::: SUPPLIED DATA :::

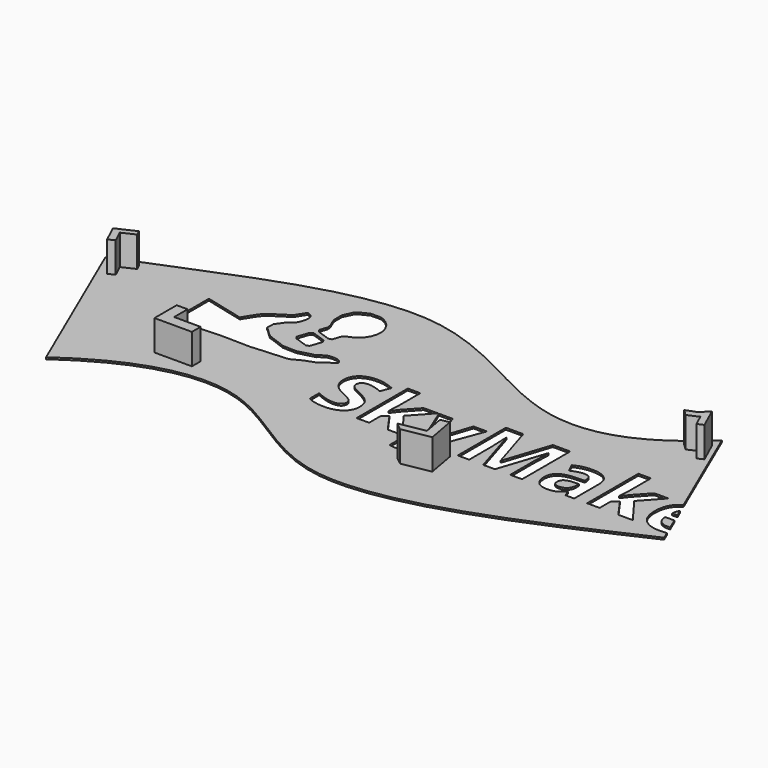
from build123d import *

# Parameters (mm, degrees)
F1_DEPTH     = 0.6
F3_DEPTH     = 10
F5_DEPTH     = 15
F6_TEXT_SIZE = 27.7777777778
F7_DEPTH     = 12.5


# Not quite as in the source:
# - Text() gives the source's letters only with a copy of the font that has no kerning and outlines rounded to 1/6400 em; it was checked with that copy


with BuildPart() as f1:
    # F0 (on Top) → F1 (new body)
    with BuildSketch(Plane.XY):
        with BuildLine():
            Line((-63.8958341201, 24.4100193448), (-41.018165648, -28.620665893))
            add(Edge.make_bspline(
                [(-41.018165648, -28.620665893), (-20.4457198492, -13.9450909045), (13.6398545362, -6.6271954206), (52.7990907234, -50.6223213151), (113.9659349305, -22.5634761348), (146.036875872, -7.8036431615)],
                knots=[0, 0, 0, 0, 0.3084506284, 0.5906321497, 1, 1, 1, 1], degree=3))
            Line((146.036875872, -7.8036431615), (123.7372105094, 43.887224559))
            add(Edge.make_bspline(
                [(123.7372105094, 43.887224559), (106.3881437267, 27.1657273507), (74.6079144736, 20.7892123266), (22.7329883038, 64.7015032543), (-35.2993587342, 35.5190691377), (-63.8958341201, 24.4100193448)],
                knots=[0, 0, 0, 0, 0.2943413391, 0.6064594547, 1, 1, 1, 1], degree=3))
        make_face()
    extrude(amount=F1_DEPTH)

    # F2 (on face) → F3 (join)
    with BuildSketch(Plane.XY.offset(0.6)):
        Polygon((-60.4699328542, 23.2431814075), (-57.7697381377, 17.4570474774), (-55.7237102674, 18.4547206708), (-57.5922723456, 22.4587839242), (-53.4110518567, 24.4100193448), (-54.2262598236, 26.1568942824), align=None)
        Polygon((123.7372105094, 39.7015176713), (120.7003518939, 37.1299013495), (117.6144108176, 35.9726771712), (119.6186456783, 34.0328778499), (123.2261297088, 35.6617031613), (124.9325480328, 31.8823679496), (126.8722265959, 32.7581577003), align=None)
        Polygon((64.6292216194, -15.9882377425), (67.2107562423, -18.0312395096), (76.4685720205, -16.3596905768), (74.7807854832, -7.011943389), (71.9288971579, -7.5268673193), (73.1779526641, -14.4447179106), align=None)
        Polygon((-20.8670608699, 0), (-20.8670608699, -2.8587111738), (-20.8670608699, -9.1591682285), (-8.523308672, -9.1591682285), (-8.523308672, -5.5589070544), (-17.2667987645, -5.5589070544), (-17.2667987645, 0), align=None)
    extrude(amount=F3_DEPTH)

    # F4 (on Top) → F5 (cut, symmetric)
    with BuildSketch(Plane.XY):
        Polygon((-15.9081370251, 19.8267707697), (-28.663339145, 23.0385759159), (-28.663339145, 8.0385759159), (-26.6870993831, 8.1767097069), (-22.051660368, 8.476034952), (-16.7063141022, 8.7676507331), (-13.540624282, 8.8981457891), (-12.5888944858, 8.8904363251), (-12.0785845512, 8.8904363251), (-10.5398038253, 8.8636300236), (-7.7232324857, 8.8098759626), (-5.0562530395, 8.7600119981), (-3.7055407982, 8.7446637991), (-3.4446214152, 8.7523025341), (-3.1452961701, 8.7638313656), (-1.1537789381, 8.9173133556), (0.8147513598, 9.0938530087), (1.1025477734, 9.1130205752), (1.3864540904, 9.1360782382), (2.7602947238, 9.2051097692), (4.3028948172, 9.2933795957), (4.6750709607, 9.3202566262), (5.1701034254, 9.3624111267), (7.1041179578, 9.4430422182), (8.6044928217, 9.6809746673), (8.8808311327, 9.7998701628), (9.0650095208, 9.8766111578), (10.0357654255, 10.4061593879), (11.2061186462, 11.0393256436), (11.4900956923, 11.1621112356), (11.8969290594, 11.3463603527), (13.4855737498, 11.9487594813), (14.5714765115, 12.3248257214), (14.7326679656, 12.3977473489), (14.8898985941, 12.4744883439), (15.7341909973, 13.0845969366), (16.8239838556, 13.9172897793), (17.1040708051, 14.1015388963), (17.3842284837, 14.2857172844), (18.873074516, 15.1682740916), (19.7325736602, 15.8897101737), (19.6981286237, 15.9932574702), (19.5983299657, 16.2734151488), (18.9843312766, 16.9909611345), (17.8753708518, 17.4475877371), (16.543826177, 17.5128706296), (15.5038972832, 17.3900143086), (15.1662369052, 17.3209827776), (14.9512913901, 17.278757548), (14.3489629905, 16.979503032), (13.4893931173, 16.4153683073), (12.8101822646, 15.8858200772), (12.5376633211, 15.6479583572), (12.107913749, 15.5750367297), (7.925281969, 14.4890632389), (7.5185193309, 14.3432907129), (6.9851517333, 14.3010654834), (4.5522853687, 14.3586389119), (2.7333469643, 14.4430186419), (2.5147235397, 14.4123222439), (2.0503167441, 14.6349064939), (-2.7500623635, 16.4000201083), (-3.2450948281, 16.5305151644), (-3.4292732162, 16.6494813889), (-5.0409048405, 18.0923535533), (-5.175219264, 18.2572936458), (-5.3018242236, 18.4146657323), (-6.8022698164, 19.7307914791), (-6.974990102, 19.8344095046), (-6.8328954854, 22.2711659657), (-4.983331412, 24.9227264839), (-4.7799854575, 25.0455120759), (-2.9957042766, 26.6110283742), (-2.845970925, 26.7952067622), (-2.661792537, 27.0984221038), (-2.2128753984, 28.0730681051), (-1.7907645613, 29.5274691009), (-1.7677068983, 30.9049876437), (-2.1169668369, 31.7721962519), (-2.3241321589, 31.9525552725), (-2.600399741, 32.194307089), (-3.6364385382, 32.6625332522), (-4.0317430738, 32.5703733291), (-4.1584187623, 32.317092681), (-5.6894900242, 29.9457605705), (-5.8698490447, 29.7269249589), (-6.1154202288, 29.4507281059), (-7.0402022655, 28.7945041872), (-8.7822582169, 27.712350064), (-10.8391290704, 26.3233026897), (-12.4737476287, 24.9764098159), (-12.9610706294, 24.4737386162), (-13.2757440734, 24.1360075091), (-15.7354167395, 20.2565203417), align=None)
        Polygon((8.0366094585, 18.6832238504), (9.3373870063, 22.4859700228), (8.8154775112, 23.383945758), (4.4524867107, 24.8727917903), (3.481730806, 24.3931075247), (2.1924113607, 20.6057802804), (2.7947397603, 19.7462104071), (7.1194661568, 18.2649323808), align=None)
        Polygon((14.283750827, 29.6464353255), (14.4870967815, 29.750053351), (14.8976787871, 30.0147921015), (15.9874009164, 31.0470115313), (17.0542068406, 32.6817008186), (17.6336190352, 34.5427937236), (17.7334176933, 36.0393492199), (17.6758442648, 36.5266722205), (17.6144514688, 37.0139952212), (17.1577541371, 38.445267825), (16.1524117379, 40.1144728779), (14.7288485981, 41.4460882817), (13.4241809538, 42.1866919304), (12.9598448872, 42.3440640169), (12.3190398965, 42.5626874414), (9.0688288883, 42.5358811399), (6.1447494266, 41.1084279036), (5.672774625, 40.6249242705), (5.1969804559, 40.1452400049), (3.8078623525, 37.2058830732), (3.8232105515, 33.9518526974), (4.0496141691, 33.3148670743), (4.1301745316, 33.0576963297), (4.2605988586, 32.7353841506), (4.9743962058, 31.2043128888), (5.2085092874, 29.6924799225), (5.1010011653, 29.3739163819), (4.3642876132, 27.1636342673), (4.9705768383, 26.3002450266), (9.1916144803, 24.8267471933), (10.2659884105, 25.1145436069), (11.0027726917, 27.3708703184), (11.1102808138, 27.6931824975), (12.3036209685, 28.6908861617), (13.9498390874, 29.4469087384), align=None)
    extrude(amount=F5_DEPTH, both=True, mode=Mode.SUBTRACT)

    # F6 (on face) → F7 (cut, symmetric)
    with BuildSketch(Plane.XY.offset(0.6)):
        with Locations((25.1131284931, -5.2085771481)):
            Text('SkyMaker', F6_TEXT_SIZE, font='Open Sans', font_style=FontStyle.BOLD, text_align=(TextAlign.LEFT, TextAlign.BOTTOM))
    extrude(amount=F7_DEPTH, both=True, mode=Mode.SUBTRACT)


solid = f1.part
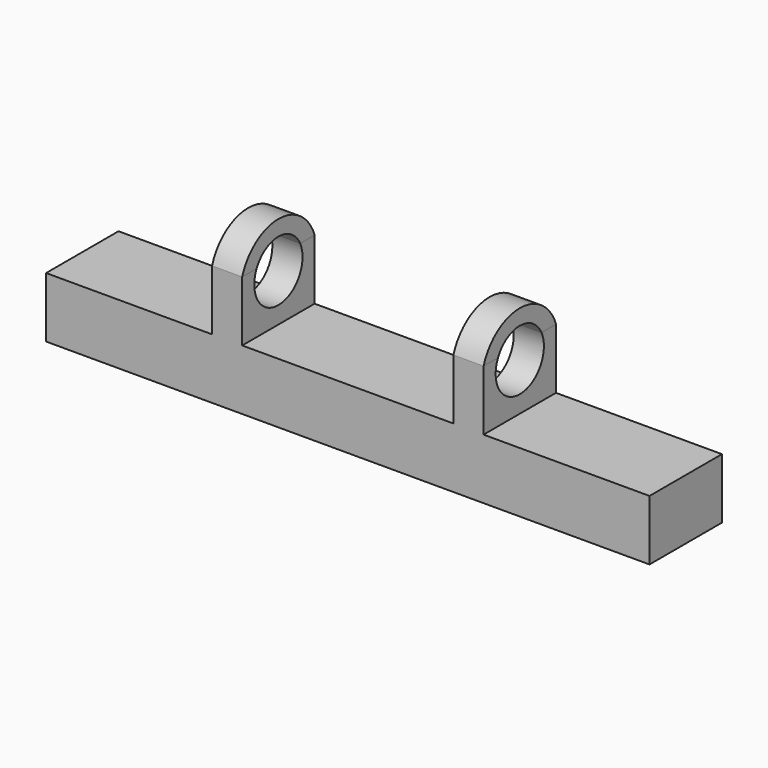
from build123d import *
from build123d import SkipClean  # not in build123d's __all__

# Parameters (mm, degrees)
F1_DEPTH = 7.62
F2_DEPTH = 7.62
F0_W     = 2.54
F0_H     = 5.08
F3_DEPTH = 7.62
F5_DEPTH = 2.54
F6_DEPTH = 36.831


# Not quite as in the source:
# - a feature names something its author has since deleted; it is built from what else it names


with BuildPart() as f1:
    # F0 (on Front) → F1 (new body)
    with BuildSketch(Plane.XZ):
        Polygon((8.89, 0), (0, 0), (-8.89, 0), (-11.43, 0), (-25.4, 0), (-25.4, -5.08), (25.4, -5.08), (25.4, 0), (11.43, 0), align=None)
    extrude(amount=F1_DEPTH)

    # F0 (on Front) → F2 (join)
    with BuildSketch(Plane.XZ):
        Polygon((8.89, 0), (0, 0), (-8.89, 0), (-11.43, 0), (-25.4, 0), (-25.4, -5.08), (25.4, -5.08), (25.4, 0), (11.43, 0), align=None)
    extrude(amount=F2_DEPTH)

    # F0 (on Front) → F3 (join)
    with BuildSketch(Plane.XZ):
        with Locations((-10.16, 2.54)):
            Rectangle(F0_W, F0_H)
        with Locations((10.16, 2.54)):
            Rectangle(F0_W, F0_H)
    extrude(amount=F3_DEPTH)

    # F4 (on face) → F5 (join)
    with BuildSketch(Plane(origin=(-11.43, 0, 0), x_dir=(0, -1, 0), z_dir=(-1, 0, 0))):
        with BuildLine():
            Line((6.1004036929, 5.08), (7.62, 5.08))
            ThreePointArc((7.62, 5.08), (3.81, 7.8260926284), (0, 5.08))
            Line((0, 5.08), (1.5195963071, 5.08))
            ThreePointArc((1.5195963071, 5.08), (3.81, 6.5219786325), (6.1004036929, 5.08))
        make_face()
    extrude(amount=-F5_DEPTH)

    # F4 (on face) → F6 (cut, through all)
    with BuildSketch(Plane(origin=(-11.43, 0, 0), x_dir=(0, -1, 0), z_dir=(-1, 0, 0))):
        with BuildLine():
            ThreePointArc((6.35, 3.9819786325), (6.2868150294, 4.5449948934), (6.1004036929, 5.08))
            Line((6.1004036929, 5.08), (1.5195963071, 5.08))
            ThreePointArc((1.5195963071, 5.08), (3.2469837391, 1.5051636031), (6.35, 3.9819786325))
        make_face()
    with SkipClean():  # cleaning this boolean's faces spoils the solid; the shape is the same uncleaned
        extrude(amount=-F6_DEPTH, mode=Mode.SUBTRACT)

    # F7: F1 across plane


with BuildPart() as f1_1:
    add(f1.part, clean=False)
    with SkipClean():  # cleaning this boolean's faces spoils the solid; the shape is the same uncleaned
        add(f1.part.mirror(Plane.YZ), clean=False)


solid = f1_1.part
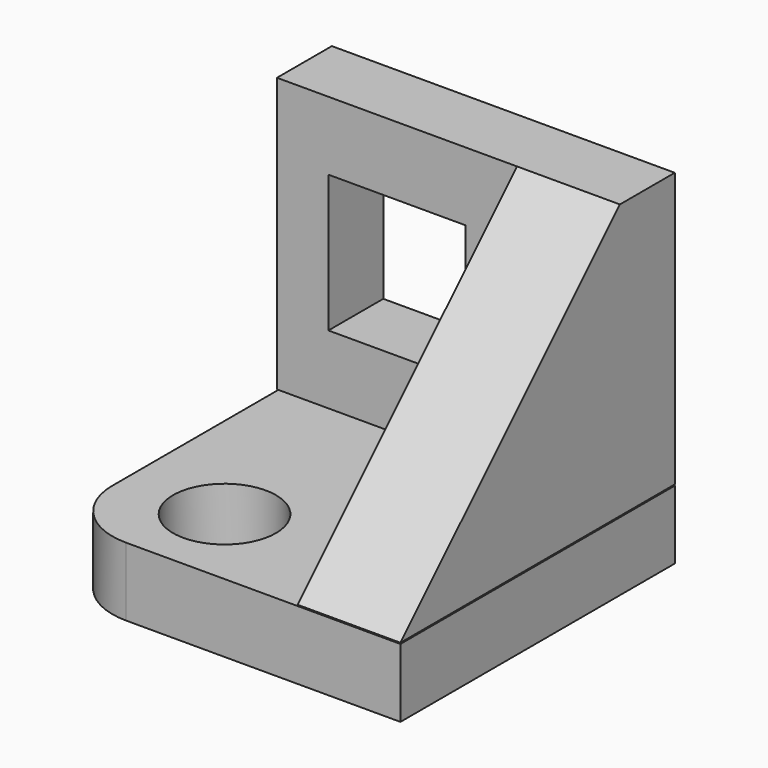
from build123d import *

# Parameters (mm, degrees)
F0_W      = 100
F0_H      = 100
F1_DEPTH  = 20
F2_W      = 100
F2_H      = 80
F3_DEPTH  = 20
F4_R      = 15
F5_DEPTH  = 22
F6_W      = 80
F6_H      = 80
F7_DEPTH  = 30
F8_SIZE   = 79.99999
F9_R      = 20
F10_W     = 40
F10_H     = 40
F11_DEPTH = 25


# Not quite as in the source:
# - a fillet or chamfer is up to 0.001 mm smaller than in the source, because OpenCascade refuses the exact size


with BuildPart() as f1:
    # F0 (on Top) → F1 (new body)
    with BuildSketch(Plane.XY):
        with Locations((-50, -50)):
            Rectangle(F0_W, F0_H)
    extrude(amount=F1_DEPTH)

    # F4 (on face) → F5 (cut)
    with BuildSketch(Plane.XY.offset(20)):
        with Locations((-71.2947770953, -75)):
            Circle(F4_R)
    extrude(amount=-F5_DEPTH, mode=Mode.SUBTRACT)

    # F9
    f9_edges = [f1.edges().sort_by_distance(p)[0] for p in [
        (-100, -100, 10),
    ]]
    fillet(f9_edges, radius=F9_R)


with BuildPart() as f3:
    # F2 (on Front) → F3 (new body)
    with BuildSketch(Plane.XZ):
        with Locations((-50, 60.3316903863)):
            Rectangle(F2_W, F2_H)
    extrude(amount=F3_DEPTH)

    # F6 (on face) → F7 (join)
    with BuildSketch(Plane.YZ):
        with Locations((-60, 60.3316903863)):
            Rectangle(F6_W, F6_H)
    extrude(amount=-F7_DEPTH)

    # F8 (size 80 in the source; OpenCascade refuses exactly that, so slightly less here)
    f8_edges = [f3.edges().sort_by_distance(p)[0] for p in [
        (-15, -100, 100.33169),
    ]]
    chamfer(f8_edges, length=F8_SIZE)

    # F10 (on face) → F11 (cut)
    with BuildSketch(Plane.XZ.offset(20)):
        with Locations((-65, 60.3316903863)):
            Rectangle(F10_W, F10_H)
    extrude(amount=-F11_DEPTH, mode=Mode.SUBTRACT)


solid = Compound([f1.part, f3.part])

:::

YOUR GOAL - Your answer must be the exact lines from the start of the data through the line with "0.5906321497, 1, 1, 1, 1], degree=3))", inclusive, and nothing else; pictures do not belong in it.

COMPLETED EXERCISE -
from build123d import *

# Parameters (mm, degrees)
F1_DEPTH     = 0.6
F3_DEPTH     = 10
F5_DEPTH     = 15
F6_TEXT_SIZE = 27.7777777778
F7_DEPTH     = 12.5


# Not quite as in the source:
# - Text() gives the source's letters only with a copy of the font that has no kerning and outlines rounded to 1/6400 em; it was checked with that copy


with BuildPart() as f1:
    # F0 (on Top) → F1 (new body)
    with BuildSketch(Plane.XY):
        with BuildLine():
            Line((-63.8958341201, 24.4100193448), (-41.018165648, -28.620665893))
            add(Edge.make_bspline(
                [(-41.018165648, -28.620665893), (-20.4457198492, -13.9450909045), (13.6398545362, -6.6271954206), (52.7990907234, -50.6223213151), (113.9659349305, -22.5634761348), (146.036875872, -7.8036431615)],
                knots=[0, 0, 0, 0, 0.3084506284, 0.5906321497, 1, 1, 1, 1], degree=3))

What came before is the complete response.